Adsorption capacity is determined by the sorbent material, possible surface modifications, initial dye concentration, and the adsorbent’s functional groups. Ni ferrite is well known for its enhanced adsorption properties towards organic additives [59,60], as well as due to its large surface area and the presence of functional groups (HOH, Fe-OH) on its surface [61]. The surface of Ni_1,43Fe_1,7O₄ also has positive charges related to metallic cations (Ni²⁺ and Fe³⁺) that can bind to the two anionic sulfonate groups of the Congo red molecule. The electrostatic attraction between these elements contributes to an improved heat of adsorption. Furthermore, the large pores and specific surface area of BET fibers provide a greater number of active sites for additive adsorption, contributing to better CR removal from suspensions.

4. Conclusions

Nickel ferrite nanofibers were successfully produced using the solution blow spinning method.
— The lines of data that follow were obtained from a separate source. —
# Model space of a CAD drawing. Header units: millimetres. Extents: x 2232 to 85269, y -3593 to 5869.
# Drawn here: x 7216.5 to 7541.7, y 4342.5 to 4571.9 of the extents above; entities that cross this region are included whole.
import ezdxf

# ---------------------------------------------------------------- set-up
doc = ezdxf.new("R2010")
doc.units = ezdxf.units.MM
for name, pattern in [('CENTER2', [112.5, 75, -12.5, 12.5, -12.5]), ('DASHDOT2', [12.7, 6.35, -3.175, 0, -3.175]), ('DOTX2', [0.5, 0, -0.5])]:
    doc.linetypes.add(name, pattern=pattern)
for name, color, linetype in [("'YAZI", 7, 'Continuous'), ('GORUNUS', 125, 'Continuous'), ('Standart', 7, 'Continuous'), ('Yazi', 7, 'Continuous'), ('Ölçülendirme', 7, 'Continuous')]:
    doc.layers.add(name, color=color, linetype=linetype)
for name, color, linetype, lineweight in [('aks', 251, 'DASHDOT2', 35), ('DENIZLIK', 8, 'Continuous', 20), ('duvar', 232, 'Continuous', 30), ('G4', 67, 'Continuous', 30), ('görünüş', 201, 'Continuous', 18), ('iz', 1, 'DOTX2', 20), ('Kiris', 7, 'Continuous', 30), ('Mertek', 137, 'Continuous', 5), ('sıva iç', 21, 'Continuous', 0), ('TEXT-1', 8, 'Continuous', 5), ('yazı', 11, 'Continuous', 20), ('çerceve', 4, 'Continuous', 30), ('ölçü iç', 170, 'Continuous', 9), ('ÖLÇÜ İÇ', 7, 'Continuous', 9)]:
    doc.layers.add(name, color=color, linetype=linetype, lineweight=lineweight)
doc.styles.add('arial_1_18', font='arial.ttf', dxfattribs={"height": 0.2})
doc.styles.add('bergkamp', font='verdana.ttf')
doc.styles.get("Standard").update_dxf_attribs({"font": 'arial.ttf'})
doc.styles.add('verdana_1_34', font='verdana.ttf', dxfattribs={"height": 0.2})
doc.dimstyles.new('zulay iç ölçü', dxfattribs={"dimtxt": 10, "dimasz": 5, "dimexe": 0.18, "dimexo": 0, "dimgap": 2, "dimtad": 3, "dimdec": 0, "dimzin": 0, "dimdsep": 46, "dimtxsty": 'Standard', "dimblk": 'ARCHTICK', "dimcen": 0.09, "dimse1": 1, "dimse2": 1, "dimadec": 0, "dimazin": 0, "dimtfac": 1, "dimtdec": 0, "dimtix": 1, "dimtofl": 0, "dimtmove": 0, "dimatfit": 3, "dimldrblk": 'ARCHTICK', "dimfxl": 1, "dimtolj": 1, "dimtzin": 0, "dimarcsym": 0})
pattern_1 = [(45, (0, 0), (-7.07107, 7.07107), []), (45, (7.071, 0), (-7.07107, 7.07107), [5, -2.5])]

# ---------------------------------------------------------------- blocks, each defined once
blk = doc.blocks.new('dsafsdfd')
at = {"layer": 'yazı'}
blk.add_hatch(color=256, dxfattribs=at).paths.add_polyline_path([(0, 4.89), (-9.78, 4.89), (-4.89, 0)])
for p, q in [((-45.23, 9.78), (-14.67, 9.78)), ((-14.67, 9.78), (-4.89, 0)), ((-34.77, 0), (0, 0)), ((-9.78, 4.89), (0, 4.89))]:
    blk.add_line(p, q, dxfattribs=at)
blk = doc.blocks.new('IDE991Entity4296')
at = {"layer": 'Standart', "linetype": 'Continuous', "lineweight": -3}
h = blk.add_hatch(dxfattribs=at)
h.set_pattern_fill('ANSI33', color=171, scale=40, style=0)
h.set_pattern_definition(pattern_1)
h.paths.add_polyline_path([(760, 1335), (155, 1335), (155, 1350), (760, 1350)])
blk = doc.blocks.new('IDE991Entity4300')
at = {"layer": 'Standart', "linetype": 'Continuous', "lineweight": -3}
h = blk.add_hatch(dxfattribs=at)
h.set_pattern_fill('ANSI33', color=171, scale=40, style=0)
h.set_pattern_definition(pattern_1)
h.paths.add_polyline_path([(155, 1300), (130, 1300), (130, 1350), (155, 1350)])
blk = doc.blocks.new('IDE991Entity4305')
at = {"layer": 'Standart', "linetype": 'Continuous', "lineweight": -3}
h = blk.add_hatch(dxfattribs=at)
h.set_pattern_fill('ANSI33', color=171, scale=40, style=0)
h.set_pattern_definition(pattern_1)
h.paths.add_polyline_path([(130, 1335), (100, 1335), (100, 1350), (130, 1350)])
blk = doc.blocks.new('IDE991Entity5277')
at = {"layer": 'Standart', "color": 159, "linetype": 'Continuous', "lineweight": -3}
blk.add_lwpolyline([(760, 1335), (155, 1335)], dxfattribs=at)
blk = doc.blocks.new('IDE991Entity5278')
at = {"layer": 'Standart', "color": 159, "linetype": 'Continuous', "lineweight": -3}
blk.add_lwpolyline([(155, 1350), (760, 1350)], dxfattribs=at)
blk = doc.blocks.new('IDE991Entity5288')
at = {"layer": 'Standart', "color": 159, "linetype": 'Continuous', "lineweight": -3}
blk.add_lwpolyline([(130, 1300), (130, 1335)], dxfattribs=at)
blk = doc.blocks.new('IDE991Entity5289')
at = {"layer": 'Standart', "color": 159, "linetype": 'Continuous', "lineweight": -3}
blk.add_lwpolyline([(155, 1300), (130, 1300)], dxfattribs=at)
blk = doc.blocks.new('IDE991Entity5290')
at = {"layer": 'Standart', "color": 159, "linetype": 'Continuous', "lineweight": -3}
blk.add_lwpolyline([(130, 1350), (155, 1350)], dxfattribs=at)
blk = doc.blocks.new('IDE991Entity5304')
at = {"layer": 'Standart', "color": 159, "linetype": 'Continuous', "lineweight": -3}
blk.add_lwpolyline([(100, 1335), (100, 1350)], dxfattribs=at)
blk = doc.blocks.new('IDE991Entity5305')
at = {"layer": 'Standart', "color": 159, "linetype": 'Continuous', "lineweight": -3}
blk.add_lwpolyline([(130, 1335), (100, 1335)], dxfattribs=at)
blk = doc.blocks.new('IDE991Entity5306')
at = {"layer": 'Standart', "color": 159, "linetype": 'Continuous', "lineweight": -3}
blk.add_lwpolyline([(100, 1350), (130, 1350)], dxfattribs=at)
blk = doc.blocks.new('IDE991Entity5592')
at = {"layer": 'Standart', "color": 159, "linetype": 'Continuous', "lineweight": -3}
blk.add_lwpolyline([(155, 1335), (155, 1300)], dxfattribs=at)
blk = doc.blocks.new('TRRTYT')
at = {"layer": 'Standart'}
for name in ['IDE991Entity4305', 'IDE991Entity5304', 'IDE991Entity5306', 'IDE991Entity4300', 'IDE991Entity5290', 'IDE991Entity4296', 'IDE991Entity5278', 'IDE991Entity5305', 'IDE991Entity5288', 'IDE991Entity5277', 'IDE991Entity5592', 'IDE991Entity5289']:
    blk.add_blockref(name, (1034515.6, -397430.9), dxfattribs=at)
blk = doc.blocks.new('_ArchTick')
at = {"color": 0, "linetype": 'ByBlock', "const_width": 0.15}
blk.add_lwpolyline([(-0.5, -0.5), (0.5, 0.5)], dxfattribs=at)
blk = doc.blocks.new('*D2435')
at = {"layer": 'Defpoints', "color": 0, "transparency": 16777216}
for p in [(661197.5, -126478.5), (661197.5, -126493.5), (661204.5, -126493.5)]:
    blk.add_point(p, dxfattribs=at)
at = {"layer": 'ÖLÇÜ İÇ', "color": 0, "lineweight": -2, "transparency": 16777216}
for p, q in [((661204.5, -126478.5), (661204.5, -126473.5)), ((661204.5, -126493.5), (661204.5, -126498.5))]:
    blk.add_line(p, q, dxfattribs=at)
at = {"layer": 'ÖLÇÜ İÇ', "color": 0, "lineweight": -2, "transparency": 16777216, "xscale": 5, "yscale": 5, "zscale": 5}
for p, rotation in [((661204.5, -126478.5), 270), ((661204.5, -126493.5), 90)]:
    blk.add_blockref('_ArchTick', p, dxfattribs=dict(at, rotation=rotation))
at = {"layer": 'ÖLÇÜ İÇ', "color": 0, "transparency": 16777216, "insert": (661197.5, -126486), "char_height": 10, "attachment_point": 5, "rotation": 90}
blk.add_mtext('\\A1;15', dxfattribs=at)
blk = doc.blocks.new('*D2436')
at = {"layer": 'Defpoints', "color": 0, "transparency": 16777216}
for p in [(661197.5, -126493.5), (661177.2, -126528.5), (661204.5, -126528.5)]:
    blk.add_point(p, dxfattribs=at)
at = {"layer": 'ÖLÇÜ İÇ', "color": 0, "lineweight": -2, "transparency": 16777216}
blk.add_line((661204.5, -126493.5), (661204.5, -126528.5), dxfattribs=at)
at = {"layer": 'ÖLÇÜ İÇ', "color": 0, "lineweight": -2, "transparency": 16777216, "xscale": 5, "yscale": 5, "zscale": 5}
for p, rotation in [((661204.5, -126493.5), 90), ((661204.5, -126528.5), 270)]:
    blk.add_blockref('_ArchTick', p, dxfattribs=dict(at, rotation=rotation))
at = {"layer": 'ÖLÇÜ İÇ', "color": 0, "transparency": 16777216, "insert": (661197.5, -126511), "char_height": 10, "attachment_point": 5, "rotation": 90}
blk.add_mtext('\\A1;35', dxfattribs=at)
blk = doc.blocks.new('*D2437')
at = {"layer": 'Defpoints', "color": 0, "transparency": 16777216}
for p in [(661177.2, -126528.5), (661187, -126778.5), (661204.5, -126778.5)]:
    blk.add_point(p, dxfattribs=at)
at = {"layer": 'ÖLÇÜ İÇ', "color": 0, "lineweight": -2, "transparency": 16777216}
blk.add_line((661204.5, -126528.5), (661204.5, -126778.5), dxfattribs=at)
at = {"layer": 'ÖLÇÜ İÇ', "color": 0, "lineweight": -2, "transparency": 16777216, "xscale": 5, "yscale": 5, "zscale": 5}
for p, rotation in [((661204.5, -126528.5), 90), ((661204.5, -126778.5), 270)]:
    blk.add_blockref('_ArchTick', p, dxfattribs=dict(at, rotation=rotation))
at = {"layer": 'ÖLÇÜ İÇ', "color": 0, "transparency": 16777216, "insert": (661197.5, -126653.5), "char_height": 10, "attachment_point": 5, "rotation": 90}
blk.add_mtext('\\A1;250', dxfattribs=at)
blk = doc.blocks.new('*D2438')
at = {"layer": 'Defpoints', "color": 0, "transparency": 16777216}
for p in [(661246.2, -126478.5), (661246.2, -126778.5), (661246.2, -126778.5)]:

The nanofibers annealed at 500 °C demonstrated 96.6% removal of Congo red from water after only 30 min of the experiment and a maximum sorption capacity of 65 mg/g (dose of 1.0 g/L and 100 mg/L initial concentration), enhancing adsorption performance compared with that of Ni-ferrite annealed at 600 and 700 °C. The cubic–spinel structure of nickel ferrite, its porous nature, and the nanostructure of its fibers were confirmed by XRD, BET, and SEM analyses. The saturation magnetization (M_s) confirmed the magnetic nature of the fibers, which favorably respond to an external magnetic field, facilitating the separation from a treated solution. The presence of pores in the fibers, as well as the electrostatic attraction between cations on the surface of the adsorbent (Ni²⁺ and Fe³⁺⁾ and anionic sulfonate groups of the dye, contributed to the adsorption mechanism. The experimental adsorption data were better fitted to the pseudo-second-order kinetic model and the Langmuir, Freundlich, Sips, and Temkin isotherm models. This suggests that a highly complex adsorptive nature, including chemisorption, monolayer adsorption at high concentrations, and heterogeneous adsorption at low concentrations, carried out the adsorption process. Finally, despite the high efficiency of Congo red removal shown here, further studies should be conducted to enhance adsorption capacity, reusability, and magnetization strength for easier separation. Additionally, exploring hybrid materials or functionalized surfaces could further increase the material’s affinity for Congo red dye, ensuring more effective removal at lower concentrations.